Mallette expected that kind of scrutiny. After all, he was part of the first class of entering four-year medical students at ECU, and everybody wondered who these serious people were — and what they were doing in their classes.

“You know, you talk about living in a fishbowl. You would go downtown and they would say, ‘There is a medical student,’” says Mallette, who grew up in Raleigh and Wilmington. “We were interviewed by the newspaper and we had our picture taken. It was quite an experience.”

Everyone pinned high hopes on that first class. Mallette remembers being invited to Leo Jenkins’ home, to visit the man many people believe brought the medical school to ECU.

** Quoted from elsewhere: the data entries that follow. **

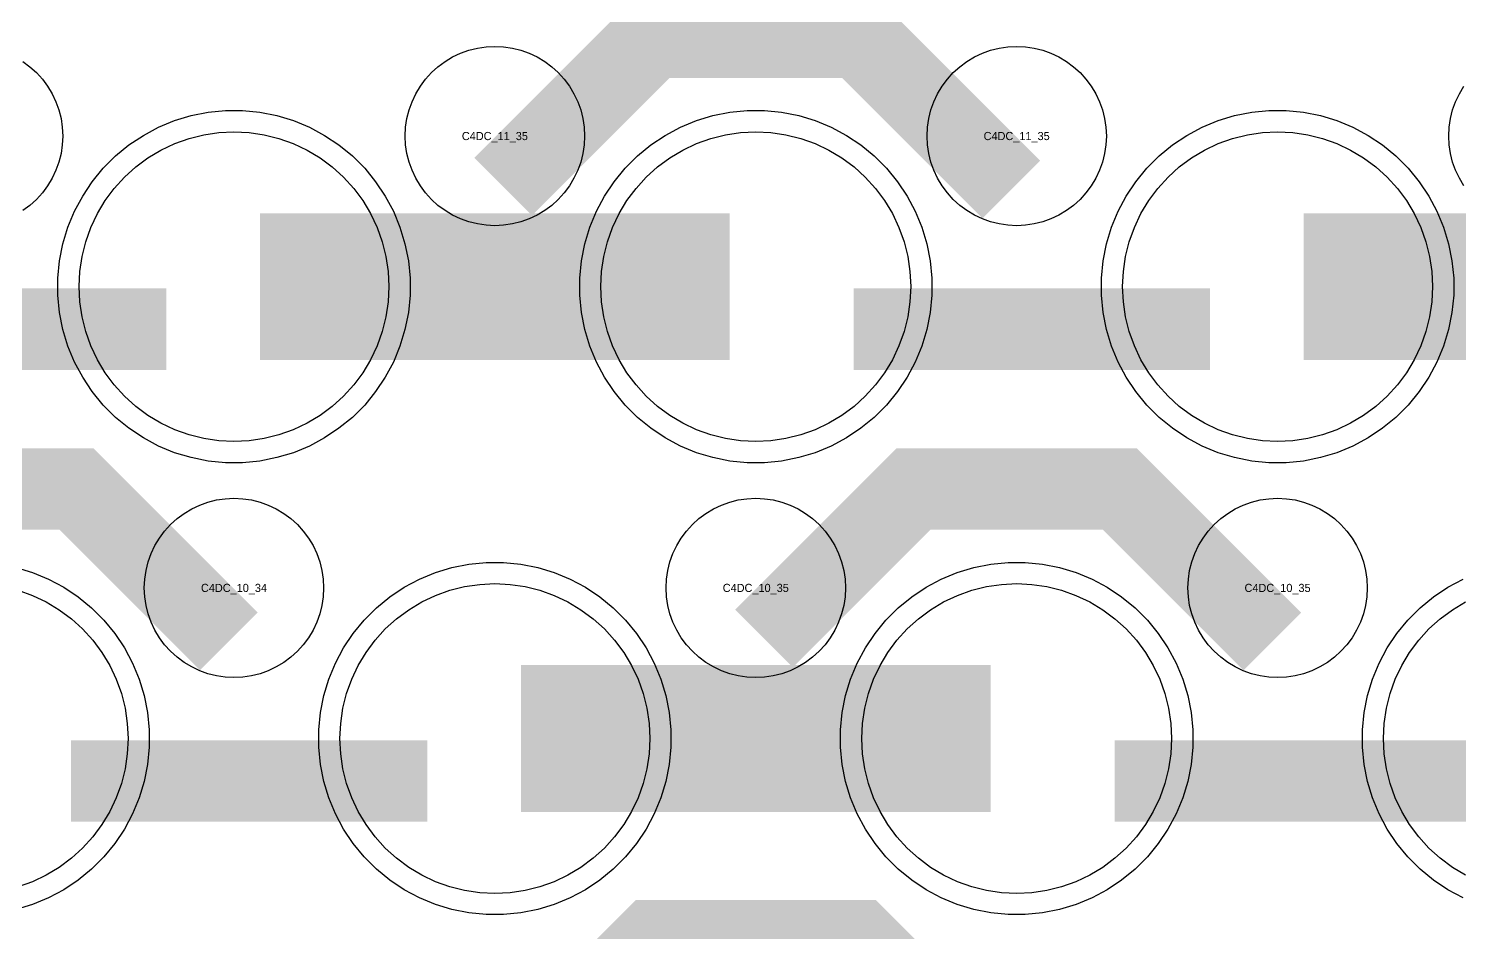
# Model space of a CAD drawing. Extents: x -11880 to 11880, y -14992 to 14992.
# Drawn here: x -943 to -504.2, y -13513.4 to -13236.2 of the extents above; entities that cross this region are included whole.
import ezdxf
from ezdxf.enums import TextEntityAlignment as Align

# ---------------------------------------------------------------- set-up
doc = ezdxf.new("R2010")
doc.units = 0
doc.header["$MEASUREMENT"] = 0
for name, color, linetype in [('GDS_775_DT_237', 138, 'CONTINUOUS'), ('RDL1_FS', 34, 'CONTINUOUS'), ('RDL_BS', 160, 'CONTINUOUS')]:
    doc.layers.add(name, color=color, linetype=linetype)

msp = doc.modelspace()

# ---------------------------------------------------------------- linework, layer by layer
at = {"layer": 'RDL1_FS'}
for points in [[(-880, -13362.869), (-884.657, -13362.64), (-889.268, -13361.956), (-893.791, -13360.824), (-898.181, -13359.252), (-902.395, -13357.26), (-906.395, -13354.862), (-910.14, -13352.084), (-913.594, -13348.954), (-916.724, -13345.5), (-919.502, -13341.755), (-921.9, -13337.755), (-923.892, -13333.541), (-925.464, -13329.151), (-926.596, -13324.628), (-927.28, -13320.017), (-927.509, -13315.36), (-927.28, -13310.703), (-926.596, -13306.092), (-925.464, -13301.569), (-923.892, -13297.179), (-921.9, -13292.965), (-919.502, -13288.965), (-916.724, -13285.22), (-913.594, -13281.766), (-910.14, -13278.636), (-906.395, -13275.858), (-902.395, -13273.46), (-898.181, -13271.468), (-893.791, -13269.896), (-889.268, -13268.764), (-884.657, -13268.08), (-880, -13267.851), (-875.343, -13268.08), (-870.732, -13268.764), (-866.209, -13269.896), (-861.819, -13271.468), (-857.605, -13273.46), (-853.605, -13275.858), (-849.86, -13278.636), (-846.406, -13281.766), (-843.276, -13285.22), (-840.498, -13288.965), (-838.1, -13292.965), (-836.108, -13297.179), (-834.536, -13301.569), (-833.404, -13306.092), (-832.72, -13310.703), (-832.491, -13315.36), (-832.72, -13320.017), (-833.404, -13324.628), (-834.536, -13329.151), (-836.108, -13333.541), (-838.1, -13337.755), (-840.498, -13341.755), (-843.276, -13345.5), (-846.406, -13348.954), (-849.86, -13352.084), (-853.605, -13354.862), (-857.605, -13357.26), (-861.819, -13359.252), (-866.209, -13360.824), (-870.732, -13361.956), (-875.343, -13362.64)], [(-720, -13362.869), (-724.657, -13362.64), (-729.268, -13361.956), (-733.791, -13360.824), (-738.181, -13359.252), (-742.395, -13357.26), (-746.395, -13354.862), (-750.14, -13352.084), (-753.594, -13348.954), (-756.724, -13345.5), (-759.502, -13341.755), (-761.9, -13337.755), (-763.892, -13333.541), (-765.464, -13329.151), (-766.596, -13324.628), (-767.28, -13320.017), (-767.509, -13315.36), (-767.28, -13310.703), (-766.596, -13306.092), (-765.464, -13301.569), (-763.892, -13297.179), (-761.9, -13292.965), (-759.502, -13288.965), (-756.724, -13285.22), (-753.594, -13281.766), (-750.14, -13278.636), (-746.395, -13275.858), (-742.395, -13273.46), (-738.181, -13271.468), (-733.791, -13269.896), (-729.268, -13268.764), (-724.657, -13268.08), (-720, -13267.851), (-715.343, -13268.08), (-710.732, -13268.764), (-706.209, -13269.896), (-701.819, -13271.468), (-697.605, -13273.46), (-693.605, -13275.858), (-689.86, -13278.636), (-686.406, -13281.766), (-683.276, -13285.22), (-680.498, -13288.965), (-678.1, -13292.965), (-676.108, -13297.179), (-674.536, -13301.569), (-673.404, -13306.092), (-672.72, -13310.703), (-672.491, -13315.36), (-672.72, -13320.017), (-673.404, -13324.628), (-674.536, -13329.151), (-676.108, -13333.541), (-678.1, -13337.755), (-680.498, -13341.755), (-683.276, -13345.5), (-686.406, -13348.954), (-689.86, -13352.084), (-693.605, -13354.862), (-697.605, -13357.26), (-701.819, -13359.252), (-706.209, -13360.824), (-710.732, -13361.956), (-715.343, -13362.64)], [(-560, -13362.869), (-564.657, -13362.64), (-569.268, -13361.956), (-573.791, -13360.824), (-578.181, -13359.252), (-582.395, -13357.26), (-586.395, -13354.862), (-590.14, -13352.084), (-593.594, -13348.954), (-596.724, -13345.5), (-599.502, -13341.755), (-601.9, -13337.755), (-603.892, -13333.541), (-605.464, -13329.151), (-606.596, -13324.628), (-607.28, -13320.017), (-607.509, -13315.36), (-607.28, -13310.703), (-606.596, -13306.092), (-605.464, -13301.569), (-603.892, -13297.179), (-601.9, -13292.965), (-599.502, -13288.965), (-596.724, -13285.22), (-593.594, -13281.766), (-590.14, -13278.636), (-586.395, -13275.858), (-582.395, -13273.46), (-578.181, -13271.468), (-573.791, -13269.896), (-569.268, -13268.764), (-564.657, -13268.08), (-560, -13267.851), (-555.343, -13268.08), (-550.732, -13268.764), (-546.209, -13269.896), (-541.819, -13271.468), (-537.605, -13273.46), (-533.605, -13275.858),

“We were over at Dr. Jenkins’ home on occasion to talk about his vision of the school. That was quite an inspiration for me,” he says. “But at the time it was, ‘Where is the next book,’ as I had to keep studying and not really pay a lot of attention to all that was occurring. It didn’t come to me until much later that this was going to be the place it is now.”

Now a clinical assistant professor in the Department of OB/GYN’s division of Maternal-Fetal Medicine, he is helping people who face serious risks during their pregnancy from illnesses such as pre-eclampsia, eclampsia and other dangerous conditions that can lead to infant deaths. Mallette hopes he can make a difference. “If you can do anything, it’s not the size of your bank account, or the car you drive — if you can make a difference in the life of a child, then you have accomplished something.”

An important element in his training was a program called Clinical Correlates for Basic Sciences, a first-year class that brought medical students into the examination room. It was a tremendous motivation for Mallette, who learned right away how to make a connection between science and humanity.

“You could see the patient and say you wanted to learn something, so you could help that patient, do something to make their life a little bit easier,” he says. “We weren’t actually practicing, but we were learning a lot in a practice situation. That was very innovative, for a school to make strides toward integrating the curriculum.”

Now, as a practicing physician, he’s still listening to patients, often communicating with them through monitors through the university’s telemedicine program that reaches people who because of illness or transportation difficulties cannot make it to his office.

Being part of a community with shared goals makes working at PCMH a remarkable experience, he believes. “This place has the potential to really be the model for health-care centers throughout the country,” he says. “You are here to serve, but you are also here to learn and you are part of a community, part of a people who are trying to help other people in the east.”